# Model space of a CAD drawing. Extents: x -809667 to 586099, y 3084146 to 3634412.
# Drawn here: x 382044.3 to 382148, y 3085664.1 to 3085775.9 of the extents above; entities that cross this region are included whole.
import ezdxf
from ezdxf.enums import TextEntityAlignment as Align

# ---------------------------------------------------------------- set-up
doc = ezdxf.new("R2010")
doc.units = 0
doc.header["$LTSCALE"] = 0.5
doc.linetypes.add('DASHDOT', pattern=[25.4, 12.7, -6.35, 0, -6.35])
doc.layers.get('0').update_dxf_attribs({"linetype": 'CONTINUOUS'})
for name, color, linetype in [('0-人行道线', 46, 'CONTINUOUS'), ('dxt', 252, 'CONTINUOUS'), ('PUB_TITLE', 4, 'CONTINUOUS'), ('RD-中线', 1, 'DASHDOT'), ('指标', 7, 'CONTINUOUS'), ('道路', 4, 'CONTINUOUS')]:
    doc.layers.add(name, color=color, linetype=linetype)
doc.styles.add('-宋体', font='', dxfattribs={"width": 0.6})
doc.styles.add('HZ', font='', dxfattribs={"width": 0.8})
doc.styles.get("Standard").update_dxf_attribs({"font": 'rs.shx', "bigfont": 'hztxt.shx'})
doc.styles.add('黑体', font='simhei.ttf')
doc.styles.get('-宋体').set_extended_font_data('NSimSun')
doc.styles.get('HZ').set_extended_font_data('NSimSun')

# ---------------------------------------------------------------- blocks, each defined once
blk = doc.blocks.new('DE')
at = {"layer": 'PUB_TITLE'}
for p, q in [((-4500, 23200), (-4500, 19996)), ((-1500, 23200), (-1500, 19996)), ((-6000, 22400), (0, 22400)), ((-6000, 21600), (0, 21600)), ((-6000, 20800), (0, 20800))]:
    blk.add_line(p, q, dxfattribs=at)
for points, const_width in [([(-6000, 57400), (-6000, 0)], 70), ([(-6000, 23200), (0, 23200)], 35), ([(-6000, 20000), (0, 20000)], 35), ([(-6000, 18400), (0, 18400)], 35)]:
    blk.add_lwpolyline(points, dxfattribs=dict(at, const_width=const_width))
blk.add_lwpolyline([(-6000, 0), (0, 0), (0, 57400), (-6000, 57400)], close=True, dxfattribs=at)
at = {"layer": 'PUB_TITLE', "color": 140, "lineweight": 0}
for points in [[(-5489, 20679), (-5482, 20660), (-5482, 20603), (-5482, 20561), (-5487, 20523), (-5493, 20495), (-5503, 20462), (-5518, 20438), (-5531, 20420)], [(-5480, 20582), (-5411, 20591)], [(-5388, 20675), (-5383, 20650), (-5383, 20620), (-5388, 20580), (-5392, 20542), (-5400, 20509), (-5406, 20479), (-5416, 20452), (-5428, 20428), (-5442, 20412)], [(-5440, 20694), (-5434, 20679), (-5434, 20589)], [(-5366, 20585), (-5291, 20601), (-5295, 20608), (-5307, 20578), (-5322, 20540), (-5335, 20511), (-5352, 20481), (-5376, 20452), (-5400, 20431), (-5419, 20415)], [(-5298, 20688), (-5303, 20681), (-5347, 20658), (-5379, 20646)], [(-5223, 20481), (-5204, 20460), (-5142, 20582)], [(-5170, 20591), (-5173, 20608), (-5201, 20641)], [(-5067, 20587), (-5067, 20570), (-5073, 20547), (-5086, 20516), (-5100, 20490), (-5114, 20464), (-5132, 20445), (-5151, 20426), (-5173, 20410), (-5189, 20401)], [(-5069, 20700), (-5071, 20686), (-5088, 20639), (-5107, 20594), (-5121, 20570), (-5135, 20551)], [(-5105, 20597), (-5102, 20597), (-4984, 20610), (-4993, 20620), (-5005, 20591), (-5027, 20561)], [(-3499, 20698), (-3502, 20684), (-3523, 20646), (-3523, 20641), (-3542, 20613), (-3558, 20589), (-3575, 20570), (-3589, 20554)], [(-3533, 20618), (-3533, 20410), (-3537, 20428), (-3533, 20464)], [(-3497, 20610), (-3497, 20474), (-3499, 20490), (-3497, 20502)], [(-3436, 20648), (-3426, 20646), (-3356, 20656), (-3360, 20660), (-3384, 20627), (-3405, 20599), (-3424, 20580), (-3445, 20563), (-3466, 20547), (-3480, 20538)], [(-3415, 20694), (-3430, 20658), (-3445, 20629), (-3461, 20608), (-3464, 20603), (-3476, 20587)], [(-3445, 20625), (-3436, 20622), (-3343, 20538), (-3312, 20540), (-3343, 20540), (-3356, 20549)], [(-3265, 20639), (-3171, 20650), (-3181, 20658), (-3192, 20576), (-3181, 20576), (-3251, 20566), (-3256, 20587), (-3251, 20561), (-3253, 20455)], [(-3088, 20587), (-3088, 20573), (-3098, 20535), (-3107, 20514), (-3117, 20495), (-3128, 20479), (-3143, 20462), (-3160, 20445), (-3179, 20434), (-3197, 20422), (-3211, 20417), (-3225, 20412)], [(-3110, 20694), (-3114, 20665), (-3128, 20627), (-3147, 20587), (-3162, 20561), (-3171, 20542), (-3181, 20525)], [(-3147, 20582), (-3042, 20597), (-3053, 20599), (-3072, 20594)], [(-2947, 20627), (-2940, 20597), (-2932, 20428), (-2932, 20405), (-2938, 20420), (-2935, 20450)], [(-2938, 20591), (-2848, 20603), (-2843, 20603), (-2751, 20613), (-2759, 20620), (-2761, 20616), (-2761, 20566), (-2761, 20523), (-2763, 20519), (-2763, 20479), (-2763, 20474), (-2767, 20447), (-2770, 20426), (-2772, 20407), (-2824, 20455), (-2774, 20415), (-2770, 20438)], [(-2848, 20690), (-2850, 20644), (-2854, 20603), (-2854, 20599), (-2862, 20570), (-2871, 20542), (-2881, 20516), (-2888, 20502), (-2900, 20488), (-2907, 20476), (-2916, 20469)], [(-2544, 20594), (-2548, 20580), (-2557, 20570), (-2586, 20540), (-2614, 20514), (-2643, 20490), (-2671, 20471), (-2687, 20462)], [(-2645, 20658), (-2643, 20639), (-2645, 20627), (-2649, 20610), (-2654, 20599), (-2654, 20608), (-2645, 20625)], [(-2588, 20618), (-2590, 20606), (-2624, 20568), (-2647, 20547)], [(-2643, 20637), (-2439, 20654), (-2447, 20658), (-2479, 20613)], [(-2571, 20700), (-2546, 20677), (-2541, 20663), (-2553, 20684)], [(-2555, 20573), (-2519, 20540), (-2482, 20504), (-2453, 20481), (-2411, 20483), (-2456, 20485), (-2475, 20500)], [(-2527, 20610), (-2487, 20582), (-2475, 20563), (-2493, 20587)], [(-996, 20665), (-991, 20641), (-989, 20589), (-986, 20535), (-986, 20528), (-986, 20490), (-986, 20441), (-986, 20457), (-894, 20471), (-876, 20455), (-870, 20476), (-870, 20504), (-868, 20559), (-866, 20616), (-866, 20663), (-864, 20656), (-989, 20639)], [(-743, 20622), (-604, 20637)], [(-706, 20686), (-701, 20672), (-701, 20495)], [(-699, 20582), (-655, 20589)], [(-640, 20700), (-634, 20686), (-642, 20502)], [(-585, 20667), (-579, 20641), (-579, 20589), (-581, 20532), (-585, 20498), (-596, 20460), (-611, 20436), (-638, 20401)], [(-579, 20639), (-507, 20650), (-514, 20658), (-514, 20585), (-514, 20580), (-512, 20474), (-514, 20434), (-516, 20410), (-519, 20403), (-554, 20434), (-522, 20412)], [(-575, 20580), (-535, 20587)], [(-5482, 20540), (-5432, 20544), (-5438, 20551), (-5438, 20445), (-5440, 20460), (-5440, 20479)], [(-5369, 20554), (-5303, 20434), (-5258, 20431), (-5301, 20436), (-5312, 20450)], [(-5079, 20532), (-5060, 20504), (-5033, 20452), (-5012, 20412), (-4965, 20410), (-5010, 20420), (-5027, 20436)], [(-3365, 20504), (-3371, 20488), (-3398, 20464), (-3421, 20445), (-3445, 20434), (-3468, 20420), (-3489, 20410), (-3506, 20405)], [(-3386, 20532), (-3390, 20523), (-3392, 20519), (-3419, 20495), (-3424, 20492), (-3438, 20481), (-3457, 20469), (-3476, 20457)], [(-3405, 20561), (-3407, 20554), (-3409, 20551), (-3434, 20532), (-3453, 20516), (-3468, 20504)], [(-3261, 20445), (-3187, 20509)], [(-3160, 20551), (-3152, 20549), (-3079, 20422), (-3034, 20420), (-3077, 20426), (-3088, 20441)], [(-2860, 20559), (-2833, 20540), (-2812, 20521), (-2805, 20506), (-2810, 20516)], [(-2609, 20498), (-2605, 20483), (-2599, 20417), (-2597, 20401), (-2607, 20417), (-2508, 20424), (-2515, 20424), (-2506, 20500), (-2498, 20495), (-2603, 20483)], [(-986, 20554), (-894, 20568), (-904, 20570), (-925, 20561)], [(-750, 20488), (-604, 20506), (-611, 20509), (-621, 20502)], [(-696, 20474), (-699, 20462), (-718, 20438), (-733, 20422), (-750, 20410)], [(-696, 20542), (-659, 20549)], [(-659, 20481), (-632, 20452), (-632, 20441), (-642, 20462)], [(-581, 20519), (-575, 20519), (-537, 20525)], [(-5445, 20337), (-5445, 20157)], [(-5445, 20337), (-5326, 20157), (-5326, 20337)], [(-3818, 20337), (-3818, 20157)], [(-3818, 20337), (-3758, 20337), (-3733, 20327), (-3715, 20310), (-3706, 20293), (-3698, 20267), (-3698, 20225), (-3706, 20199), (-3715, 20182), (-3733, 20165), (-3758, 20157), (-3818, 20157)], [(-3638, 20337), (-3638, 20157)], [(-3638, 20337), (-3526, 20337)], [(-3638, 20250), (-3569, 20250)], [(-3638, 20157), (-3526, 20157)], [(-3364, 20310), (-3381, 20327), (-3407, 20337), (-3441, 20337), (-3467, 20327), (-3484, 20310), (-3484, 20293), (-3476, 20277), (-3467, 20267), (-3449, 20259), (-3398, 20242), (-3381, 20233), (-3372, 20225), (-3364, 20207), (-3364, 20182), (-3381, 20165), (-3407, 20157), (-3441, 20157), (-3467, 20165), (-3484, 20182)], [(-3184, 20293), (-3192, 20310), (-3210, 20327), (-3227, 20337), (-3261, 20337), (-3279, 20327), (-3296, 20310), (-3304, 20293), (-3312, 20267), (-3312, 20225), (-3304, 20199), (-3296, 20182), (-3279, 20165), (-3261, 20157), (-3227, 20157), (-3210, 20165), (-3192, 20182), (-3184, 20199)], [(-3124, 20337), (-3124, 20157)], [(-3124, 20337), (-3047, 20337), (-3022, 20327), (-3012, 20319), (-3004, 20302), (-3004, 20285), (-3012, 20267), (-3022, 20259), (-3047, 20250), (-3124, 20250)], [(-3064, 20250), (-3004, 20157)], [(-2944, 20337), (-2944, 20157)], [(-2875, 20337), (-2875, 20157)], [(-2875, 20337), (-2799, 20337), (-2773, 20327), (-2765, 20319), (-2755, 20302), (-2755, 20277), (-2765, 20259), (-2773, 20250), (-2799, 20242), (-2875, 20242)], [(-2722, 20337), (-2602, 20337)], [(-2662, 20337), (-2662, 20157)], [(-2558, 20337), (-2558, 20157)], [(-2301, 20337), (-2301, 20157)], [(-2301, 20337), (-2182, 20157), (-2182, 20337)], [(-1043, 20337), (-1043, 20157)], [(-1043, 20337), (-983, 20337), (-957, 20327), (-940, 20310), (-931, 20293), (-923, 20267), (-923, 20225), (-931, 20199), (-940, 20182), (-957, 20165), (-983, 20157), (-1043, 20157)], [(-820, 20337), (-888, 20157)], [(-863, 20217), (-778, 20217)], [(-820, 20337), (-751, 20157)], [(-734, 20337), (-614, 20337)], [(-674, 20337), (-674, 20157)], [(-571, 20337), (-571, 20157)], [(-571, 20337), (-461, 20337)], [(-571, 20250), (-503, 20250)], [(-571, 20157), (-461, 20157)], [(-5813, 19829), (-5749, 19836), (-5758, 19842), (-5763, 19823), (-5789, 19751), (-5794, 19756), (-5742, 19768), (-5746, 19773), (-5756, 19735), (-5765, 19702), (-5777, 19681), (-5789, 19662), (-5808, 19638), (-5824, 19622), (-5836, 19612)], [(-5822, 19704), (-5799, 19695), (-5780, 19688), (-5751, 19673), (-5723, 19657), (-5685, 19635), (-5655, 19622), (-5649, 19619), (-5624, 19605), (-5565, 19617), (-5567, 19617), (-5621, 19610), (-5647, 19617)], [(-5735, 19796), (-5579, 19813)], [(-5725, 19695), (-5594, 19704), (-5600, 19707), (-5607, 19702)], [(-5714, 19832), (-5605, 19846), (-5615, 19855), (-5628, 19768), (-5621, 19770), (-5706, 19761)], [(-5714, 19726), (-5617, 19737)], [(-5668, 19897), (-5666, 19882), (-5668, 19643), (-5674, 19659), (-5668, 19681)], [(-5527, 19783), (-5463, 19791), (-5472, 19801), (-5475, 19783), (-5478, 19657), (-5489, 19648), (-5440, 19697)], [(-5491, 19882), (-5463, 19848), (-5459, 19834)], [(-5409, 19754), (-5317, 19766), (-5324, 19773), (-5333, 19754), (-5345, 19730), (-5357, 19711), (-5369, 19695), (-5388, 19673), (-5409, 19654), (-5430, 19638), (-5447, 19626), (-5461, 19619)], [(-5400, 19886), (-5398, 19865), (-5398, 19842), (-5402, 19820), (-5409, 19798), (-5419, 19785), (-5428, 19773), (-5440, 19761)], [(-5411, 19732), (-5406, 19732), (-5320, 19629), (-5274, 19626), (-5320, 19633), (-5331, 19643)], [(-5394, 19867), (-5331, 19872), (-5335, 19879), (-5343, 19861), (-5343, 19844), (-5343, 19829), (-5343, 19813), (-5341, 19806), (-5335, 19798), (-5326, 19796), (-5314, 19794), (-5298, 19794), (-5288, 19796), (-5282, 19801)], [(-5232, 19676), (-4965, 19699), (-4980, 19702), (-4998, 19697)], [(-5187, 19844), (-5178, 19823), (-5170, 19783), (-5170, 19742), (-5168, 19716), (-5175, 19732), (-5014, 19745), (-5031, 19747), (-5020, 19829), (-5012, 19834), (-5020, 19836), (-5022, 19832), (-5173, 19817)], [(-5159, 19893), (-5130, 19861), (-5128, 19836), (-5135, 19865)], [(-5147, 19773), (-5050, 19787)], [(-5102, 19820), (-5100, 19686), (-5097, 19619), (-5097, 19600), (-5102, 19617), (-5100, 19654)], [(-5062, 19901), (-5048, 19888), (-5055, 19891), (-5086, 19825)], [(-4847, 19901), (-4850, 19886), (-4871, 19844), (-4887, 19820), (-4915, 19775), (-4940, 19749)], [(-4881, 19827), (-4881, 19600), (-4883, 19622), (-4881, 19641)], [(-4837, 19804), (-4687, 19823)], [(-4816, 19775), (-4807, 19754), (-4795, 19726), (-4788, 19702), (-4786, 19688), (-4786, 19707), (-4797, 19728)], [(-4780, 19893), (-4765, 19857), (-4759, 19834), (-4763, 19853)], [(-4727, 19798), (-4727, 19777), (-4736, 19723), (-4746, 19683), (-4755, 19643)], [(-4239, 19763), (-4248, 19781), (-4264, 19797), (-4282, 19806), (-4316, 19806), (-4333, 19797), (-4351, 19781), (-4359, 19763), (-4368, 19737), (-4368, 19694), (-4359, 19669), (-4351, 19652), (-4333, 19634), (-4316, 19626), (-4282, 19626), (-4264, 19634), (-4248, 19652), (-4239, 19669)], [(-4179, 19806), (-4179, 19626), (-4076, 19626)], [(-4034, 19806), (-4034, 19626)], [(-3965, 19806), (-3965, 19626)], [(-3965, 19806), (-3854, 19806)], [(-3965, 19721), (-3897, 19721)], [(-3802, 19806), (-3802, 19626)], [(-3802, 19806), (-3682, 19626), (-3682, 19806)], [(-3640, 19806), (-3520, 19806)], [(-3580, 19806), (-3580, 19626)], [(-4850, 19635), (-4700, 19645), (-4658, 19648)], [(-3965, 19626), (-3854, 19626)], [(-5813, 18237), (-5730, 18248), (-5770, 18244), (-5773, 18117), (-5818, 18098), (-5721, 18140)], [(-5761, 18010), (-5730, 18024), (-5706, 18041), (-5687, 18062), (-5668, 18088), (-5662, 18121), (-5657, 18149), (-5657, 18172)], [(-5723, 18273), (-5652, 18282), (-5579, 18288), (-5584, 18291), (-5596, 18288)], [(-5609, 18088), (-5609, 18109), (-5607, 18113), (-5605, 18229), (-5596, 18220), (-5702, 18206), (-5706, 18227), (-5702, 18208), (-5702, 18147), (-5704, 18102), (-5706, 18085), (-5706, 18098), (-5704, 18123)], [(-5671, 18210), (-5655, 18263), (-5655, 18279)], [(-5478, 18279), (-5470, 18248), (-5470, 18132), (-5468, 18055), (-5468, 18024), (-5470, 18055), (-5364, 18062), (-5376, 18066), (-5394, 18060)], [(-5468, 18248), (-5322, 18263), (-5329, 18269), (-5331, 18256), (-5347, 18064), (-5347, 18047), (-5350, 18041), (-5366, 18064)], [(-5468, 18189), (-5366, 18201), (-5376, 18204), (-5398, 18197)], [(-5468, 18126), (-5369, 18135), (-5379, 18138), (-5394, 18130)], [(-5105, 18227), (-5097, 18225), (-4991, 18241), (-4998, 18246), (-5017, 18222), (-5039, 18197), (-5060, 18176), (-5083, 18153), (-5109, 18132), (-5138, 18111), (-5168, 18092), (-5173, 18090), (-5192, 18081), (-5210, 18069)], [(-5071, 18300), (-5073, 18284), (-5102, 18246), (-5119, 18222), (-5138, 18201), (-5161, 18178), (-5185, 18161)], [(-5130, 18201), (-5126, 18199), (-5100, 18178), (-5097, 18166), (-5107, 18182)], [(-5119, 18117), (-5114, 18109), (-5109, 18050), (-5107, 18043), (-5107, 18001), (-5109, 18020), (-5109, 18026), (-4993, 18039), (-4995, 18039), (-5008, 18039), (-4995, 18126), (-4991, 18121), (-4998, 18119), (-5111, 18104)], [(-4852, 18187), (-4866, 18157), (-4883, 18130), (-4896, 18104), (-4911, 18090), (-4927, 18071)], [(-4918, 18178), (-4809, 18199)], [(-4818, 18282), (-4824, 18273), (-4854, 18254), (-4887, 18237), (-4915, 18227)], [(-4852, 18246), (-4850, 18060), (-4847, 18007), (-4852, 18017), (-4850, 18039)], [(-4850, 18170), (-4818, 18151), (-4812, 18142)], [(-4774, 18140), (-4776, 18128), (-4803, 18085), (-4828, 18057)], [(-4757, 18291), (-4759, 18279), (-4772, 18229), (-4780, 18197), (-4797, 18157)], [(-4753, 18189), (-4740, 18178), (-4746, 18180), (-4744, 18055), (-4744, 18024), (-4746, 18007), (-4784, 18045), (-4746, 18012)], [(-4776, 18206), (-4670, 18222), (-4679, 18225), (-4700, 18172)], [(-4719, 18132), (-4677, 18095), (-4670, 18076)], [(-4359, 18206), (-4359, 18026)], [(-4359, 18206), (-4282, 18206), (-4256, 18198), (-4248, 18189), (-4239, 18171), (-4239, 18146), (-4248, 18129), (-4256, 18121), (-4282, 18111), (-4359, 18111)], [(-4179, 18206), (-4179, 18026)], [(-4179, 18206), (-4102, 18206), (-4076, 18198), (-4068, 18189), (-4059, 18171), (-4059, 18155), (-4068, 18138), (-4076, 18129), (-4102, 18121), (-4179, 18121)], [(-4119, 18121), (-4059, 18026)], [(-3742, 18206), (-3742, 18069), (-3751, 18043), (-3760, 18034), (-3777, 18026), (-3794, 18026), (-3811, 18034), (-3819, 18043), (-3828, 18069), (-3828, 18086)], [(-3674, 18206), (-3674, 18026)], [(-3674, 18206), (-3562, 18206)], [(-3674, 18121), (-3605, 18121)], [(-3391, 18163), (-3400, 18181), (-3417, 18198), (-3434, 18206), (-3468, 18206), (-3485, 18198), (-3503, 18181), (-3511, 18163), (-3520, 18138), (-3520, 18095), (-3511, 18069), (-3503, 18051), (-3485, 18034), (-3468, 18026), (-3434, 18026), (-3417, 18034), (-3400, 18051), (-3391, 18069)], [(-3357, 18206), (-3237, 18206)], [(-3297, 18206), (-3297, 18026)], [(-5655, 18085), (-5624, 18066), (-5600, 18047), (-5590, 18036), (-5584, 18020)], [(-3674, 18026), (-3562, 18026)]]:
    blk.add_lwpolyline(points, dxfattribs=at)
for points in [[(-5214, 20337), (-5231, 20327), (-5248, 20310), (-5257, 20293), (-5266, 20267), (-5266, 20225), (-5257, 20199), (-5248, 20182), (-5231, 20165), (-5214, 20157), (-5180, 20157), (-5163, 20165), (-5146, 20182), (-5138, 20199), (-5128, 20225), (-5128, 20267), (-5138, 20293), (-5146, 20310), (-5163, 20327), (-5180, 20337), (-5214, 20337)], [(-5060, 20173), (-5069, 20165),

### Directions
Output should match, line for line, the stretch of the material above from the line holding "doc.styles.get('-宋体'" through the line holding "for points, const_width".

### Reply
doc.styles.get('-宋体').set_extended_font_data('NSimSun')
doc.styles.get('HZ').set_extended_font_data('NSimSun')

# ---------------------------------------------------------------- blocks, each defined once
blk = doc.blocks.new('DE')
at = {"layer": 'PUB_TITLE'}
for p, q in [((-4500, 23200), (-4500, 19996)), ((-1500, 23200), (-1500, 19996)), ((-6000, 22400), (0, 22400)), ((-6000, 21600), (0, 21600)), ((-6000, 20800), (0, 20800))]:
    blk.add_line(p, q, dxfattribs=at)
for points, const_width in [([(-6000, 57400), (-6000, 0)], 70), ([(-6000, 23200), (0, 23200)], 35), ([(-6000, 20000), (0, 20000)], 35), ([(-6000, 18400), (0, 18400)], 35)]:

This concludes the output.